[EXERCISE REQUIREMENTS]: Please, could you print all the lines below exactly, leaving out the pictures?

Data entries

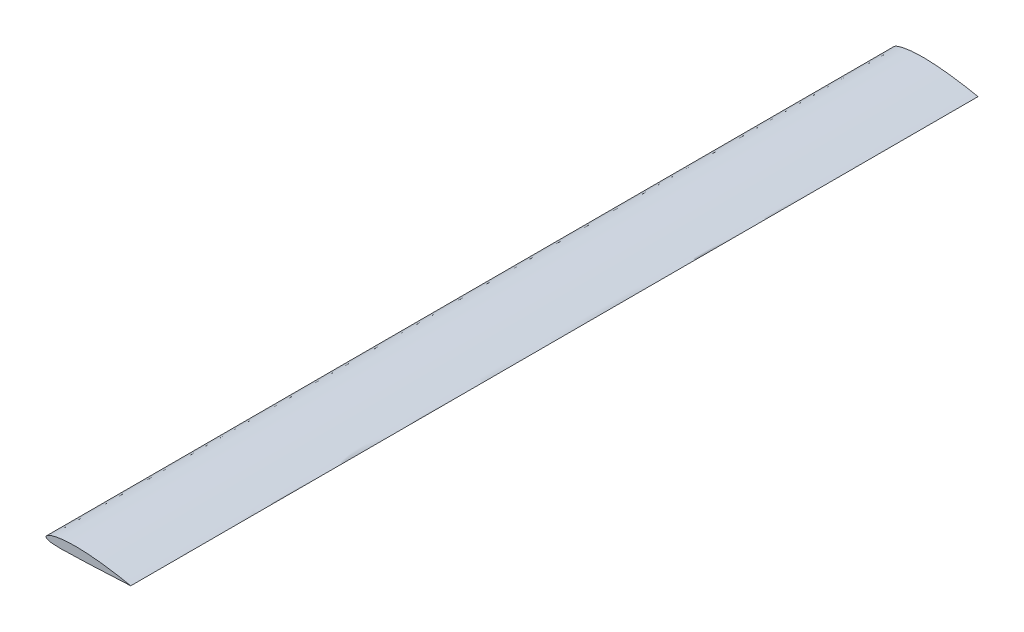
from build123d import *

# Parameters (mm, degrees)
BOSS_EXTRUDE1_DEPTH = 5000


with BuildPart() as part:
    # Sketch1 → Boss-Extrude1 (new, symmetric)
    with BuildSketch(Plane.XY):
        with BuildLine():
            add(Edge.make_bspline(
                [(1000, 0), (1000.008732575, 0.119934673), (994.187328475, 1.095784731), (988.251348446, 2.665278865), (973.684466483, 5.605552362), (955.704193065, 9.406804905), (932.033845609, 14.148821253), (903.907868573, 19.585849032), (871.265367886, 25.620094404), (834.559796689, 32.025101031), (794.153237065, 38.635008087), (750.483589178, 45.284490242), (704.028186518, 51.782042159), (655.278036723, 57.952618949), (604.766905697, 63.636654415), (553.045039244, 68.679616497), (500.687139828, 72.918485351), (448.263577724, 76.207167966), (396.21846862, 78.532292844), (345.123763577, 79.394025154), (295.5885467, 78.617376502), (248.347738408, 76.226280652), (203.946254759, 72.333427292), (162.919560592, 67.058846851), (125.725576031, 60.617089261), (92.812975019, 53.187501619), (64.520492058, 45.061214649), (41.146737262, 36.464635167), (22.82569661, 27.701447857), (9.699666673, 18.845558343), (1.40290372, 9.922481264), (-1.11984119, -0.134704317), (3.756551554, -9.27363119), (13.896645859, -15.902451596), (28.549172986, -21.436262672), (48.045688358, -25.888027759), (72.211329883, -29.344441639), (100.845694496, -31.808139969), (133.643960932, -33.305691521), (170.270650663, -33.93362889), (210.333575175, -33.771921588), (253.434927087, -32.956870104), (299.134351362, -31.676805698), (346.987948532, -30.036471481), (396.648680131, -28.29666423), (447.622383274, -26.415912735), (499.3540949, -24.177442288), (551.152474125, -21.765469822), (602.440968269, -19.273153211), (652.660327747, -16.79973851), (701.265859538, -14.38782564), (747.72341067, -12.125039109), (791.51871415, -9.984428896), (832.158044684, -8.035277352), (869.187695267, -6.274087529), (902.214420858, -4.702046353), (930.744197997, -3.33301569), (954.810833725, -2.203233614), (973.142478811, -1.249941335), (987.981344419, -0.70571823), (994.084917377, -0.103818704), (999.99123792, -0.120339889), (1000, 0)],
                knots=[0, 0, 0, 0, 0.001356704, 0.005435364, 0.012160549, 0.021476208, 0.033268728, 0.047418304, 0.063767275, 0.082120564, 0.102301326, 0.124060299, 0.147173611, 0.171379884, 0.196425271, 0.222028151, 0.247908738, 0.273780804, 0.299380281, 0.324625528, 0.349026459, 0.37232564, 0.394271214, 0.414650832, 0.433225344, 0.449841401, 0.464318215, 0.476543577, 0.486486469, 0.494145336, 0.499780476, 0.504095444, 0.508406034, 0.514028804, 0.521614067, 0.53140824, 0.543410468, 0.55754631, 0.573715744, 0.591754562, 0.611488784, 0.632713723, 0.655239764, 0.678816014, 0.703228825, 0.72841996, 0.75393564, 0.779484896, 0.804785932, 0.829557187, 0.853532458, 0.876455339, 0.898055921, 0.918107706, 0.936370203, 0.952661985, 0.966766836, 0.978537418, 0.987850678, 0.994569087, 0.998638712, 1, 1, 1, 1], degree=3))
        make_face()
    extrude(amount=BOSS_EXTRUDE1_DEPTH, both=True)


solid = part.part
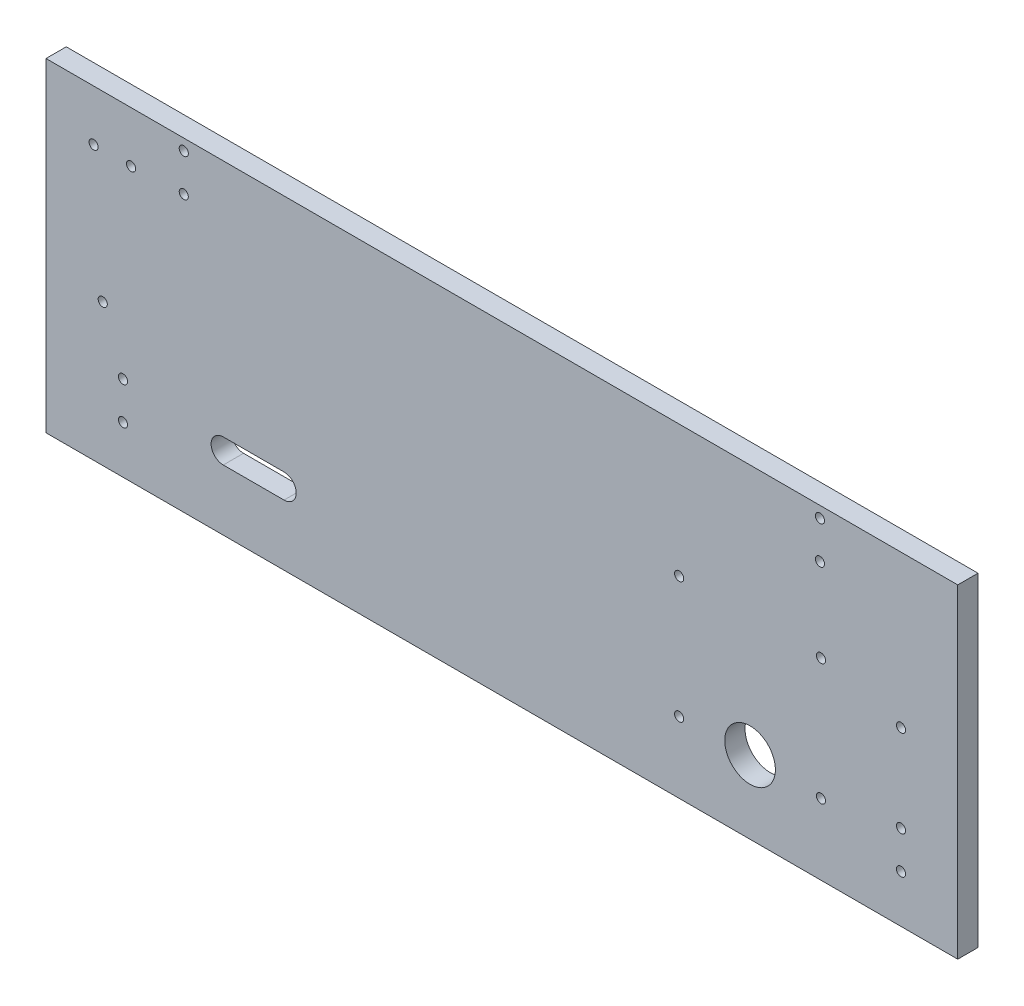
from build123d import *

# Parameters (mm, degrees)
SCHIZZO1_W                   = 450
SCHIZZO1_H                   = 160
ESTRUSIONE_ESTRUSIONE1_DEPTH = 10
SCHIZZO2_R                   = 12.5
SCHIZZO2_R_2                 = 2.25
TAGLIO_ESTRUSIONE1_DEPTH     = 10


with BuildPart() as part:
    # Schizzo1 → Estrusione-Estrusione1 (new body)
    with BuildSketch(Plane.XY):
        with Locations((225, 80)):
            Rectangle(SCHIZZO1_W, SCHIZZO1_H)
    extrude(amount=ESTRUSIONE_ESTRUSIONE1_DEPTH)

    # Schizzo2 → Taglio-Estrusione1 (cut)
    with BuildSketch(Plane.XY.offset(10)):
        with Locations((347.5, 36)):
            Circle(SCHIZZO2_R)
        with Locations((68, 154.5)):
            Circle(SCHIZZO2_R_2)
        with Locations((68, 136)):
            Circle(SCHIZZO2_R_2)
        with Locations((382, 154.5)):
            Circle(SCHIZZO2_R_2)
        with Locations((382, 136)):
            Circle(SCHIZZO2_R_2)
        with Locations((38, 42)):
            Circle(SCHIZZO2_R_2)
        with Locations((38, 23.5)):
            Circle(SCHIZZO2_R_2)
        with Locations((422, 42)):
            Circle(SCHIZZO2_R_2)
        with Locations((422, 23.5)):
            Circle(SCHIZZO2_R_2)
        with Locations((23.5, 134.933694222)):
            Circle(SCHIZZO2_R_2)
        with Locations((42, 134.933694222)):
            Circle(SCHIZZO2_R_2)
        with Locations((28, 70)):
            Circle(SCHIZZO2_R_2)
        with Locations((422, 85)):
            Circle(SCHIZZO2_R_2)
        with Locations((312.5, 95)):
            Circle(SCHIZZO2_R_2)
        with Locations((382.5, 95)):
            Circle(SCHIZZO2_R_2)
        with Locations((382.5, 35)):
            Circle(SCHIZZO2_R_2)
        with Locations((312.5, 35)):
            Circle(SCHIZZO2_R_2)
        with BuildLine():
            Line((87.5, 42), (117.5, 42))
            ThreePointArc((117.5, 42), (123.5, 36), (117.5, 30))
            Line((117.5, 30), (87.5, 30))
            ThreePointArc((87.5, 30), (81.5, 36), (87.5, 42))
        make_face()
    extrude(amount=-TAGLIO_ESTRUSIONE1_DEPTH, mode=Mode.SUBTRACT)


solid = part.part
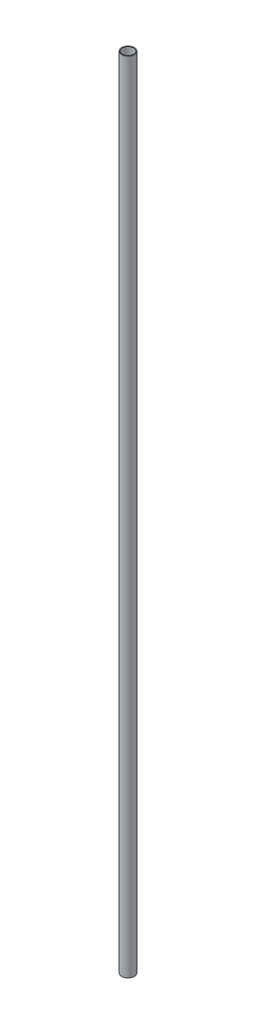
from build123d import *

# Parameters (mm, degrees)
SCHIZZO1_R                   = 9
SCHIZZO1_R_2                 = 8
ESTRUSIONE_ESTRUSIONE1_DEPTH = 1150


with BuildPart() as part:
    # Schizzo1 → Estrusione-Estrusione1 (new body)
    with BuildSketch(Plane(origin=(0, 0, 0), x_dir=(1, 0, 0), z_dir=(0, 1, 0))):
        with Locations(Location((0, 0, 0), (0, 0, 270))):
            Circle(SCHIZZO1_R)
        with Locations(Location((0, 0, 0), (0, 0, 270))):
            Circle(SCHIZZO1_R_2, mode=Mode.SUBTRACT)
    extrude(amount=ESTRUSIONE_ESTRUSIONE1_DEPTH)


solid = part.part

[SOLUTION FOR THIS TASK]:
from build123d import *

# Parameters (mm, degrees)
BOSS_EXTRUDE1_DEPTH = 5000


with BuildPart() as part:
    # Sketch1 → Boss-Extrude1 (new, symmetric)
    with BuildSketch(Plane.XY):
        with BuildLine():
            add(Edge.make_bspline(
                [(1000, 0), (1000.008732575, 0.119934673), (994.187328475, 1.095784731), (988.251348446, 2.665278865), (973.684466483, 5.605552362), (955.704193065, 9.406804905), (932.033845609, 14.148821253), (903.907868573, 19.585849032), (871.265367886, 25.620094404), (834.559796689, 32.025101031), (794.153237065, 38.635008087), (750.483589178, 45.284490242), (704.028186518, 51.782042159), (655.278036723, 57.952618949), (604.766905697, 63.636654415), (553.045039244, 68.679616497), (500.687139828, 72.918485351), (448.263577724, 76.207167966), (396.21846862, 78.532292844), (345.123763577, 79.394025154), (295.5885467, 78.617376502), (248.347738408, 76.226280652), (203.946254759, 72.333427292), (162.919560592, 67.058846851), (125.725576031, 60.617089261), (92.812975019, 53.187501619), (64.520492058, 45.061214649), (41.146737262, 36.464635167), (22.82569661, 27.701447857), (9.699666673, 18.845558343), (1.40290372, 9.922481264), (-1.11984119, -0.134704317), (3.756551554, -9.27363119), (13.896645859, -15.902451596), (28.549172986, -21.436262672), (48.045688358, -25.888027759), (72.211329883, -29.344441639), (100.845694496, -31.808139969), (133.643960932, -33.305691521), (170.270650663, -33.93362889), (210.333575175, -33.771921588), (253.434927087, -32.956870104), (299.134351362, -31.676805698), (346.987948532, -30.036471481), (396.648680131, -28.29666423), (447.622383274, -26.415912735), (499.3540949, -24.177442288), (551.152474125, -21.765469822), (602.440968269, -19.273153211), (652.660327747, -16.79973851), (701.265859538, -14.38782564), (747.72341067, -12.125039109), (791.51871415, -9.984428896), (832.158044684, -8.035277352), (869.187695267, -6.274087529), (902.214420858, -4.702046353), (930.744197997, -3.33301569), (954.810833725, -2.203233614), (973.142478811, -1.249941335), (987.981344419, -0.70571823), (994.084917377, -0.103818704), (999.99123792, -0.120339889), (1000, 0)],
                knots=[0, 0, 0, 0, 0.001356704, 0.005435364, 0.012160549, 0.021476208, 0.033268728, 0.047418304, 0.063767275, 0.082120564, 0.102301326, 0.124060299, 0.147173611, 0.171379884, 0.196425271, 0.222028151, 0.247908738, 0.273780804, 0.299380281, 0.324625528, 0.349026459, 0.37232564, 0.394271214, 0.414650832, 0.433225344, 0.449841401, 0.464318215, 0.476543577, 0.486486469, 0.494145336, 0.499780476, 0.504095444, 0.508406034, 0.514028804, 0.521614067, 0.53140824, 0.543410468, 0.55754631, 0.573715744, 0.591754562, 0.611488784, 0.632713723, 0.655239764, 0.678816014, 0.703228825, 0.72841996, 0.75393564, 0.779484896, 0.804785932, 0.829557187, 0.853532458, 0.876455339, 0.898055921, 0.918107706, 0.936370203, 0.952661985, 0.966766836, 0.978537418, 0.987850678, 0.994569087, 0.998638712, 1, 1, 1, 1], degree=3))
        make_face()
    extrude(amount=BOSS_EXTRUDE1_DEPTH, both=True)


solid = part.part
from build123d import *

# Parameters (mm, degrees)
SCHIZZO1_W                   = 450
SCHIZZO1_H                   = 160
ESTRUSIONE_ESTRUSIONE1_DEPTH = 10
SCHIZZO2_R                   = 12.5
SCHIZZO2_R_2                 = 2.25
TAGLIO_ESTRUSIONE1_DEPTH     = 10


with BuildPart() as part:
    # Schizzo1 → Estrusione-Estrusione1 (new body)
    with BuildSketch(Plane.XY):
        with Locations((225, 80)):
            Rectangle(SCHIZZO1_W, SCHIZZO1_H)
    extrude(amount=ESTRUSIONE_ESTRUSIONE1_DEPTH)

    # Schizzo2 → Taglio-Estrusione1 (cut)
    with BuildSketch(Plane.XY.offset(10)):
        with Locations((347.5, 36)):
            Circle(SCHIZZO2_R)
        with Locations((68, 154.5)):
            Circle(SCHIZZO2_R_2)
        with Locations((68, 136)):
            Circle(SCHIZZO2_R_2)
        with Locations((382, 154.5)):
            Circle(SCHIZZO2_R_2)
        with Locations((382, 136)):
            Circle(SCHIZZO2_R_2)
        with Locations((38, 42)):
            Circle(SCHIZZO2_R_2)
        with Locations((38, 23.5)):
            Circle(SCHIZZO2_R_2)
        with Locations((422, 42)):
            Circle(SCHIZZO2_R_2)
        with Locations((422, 23.5)):
            Circle(SCHIZZO2_R_2)
        with Locations((23.5, 134.933694222)):
            Circle(SCHIZZO2_R_2)
        with Locations((42, 134.933694222)):
            Circle(SCHIZZO2_R_2)
        with Locations((28, 70)):
            Circle(SCHIZZO2_R_2)
        with Locations((422, 85)):
            Circle(SCHIZZO2_R_2)
        with Locations((312.5, 95)):
            Circle(SCHIZZO2_R_2)
        with Locations((382.5, 95)):
            Circle(SCHIZZO2_R_2)
        with Locations((382.5, 35)):
            Circle(SCHIZZO2_R_2)
        with Locations((312.5, 35)):
            Circle(SCHIZZO2_R_2)
        with BuildLine():
            Line((87.5, 42), (117.5, 42))
            ThreePointArc((117.5, 42), (123.5, 36), (117.5, 30))
            Line((117.5, 30), (87.5, 30))
            ThreePointArc((87.5, 30), (81.5, 36), (87.5, 42))
        make_face()
    extrude(amount=-TAGLIO_ESTRUSIONE1_DEPTH, mode=Mode.SUBTRACT)


solid = part.part
from build123d import *

# Parameters (mm, degrees)
SCHIZZO1_R                   = 9
SCHIZZO1_R_2                 = 8
ESTRUSIONE_ESTRUSIONE1_DEPTH = 1150


with BuildPart() as part:
    # Schizzo1 → Estrusione-Estrusione1 (new body)
    with BuildSketch(Plane(origin=(0, 0, 0), x_dir=(1, 0, 0), z_dir=(0, 1, 0))):
        with Locations(Location((0, 0, 0), (0, 0, 270))):
            Circle(SCHIZZO1_R)
        with Locations(Location((0, 0, 0), (0, 0, 270))):
            Circle(SCHIZZO1_R_2, mode=Mode.SUBTRACT)
    extrude(amount=ESTRUSIONE_ESTRUSIONE1_DEPTH)


solid = part.part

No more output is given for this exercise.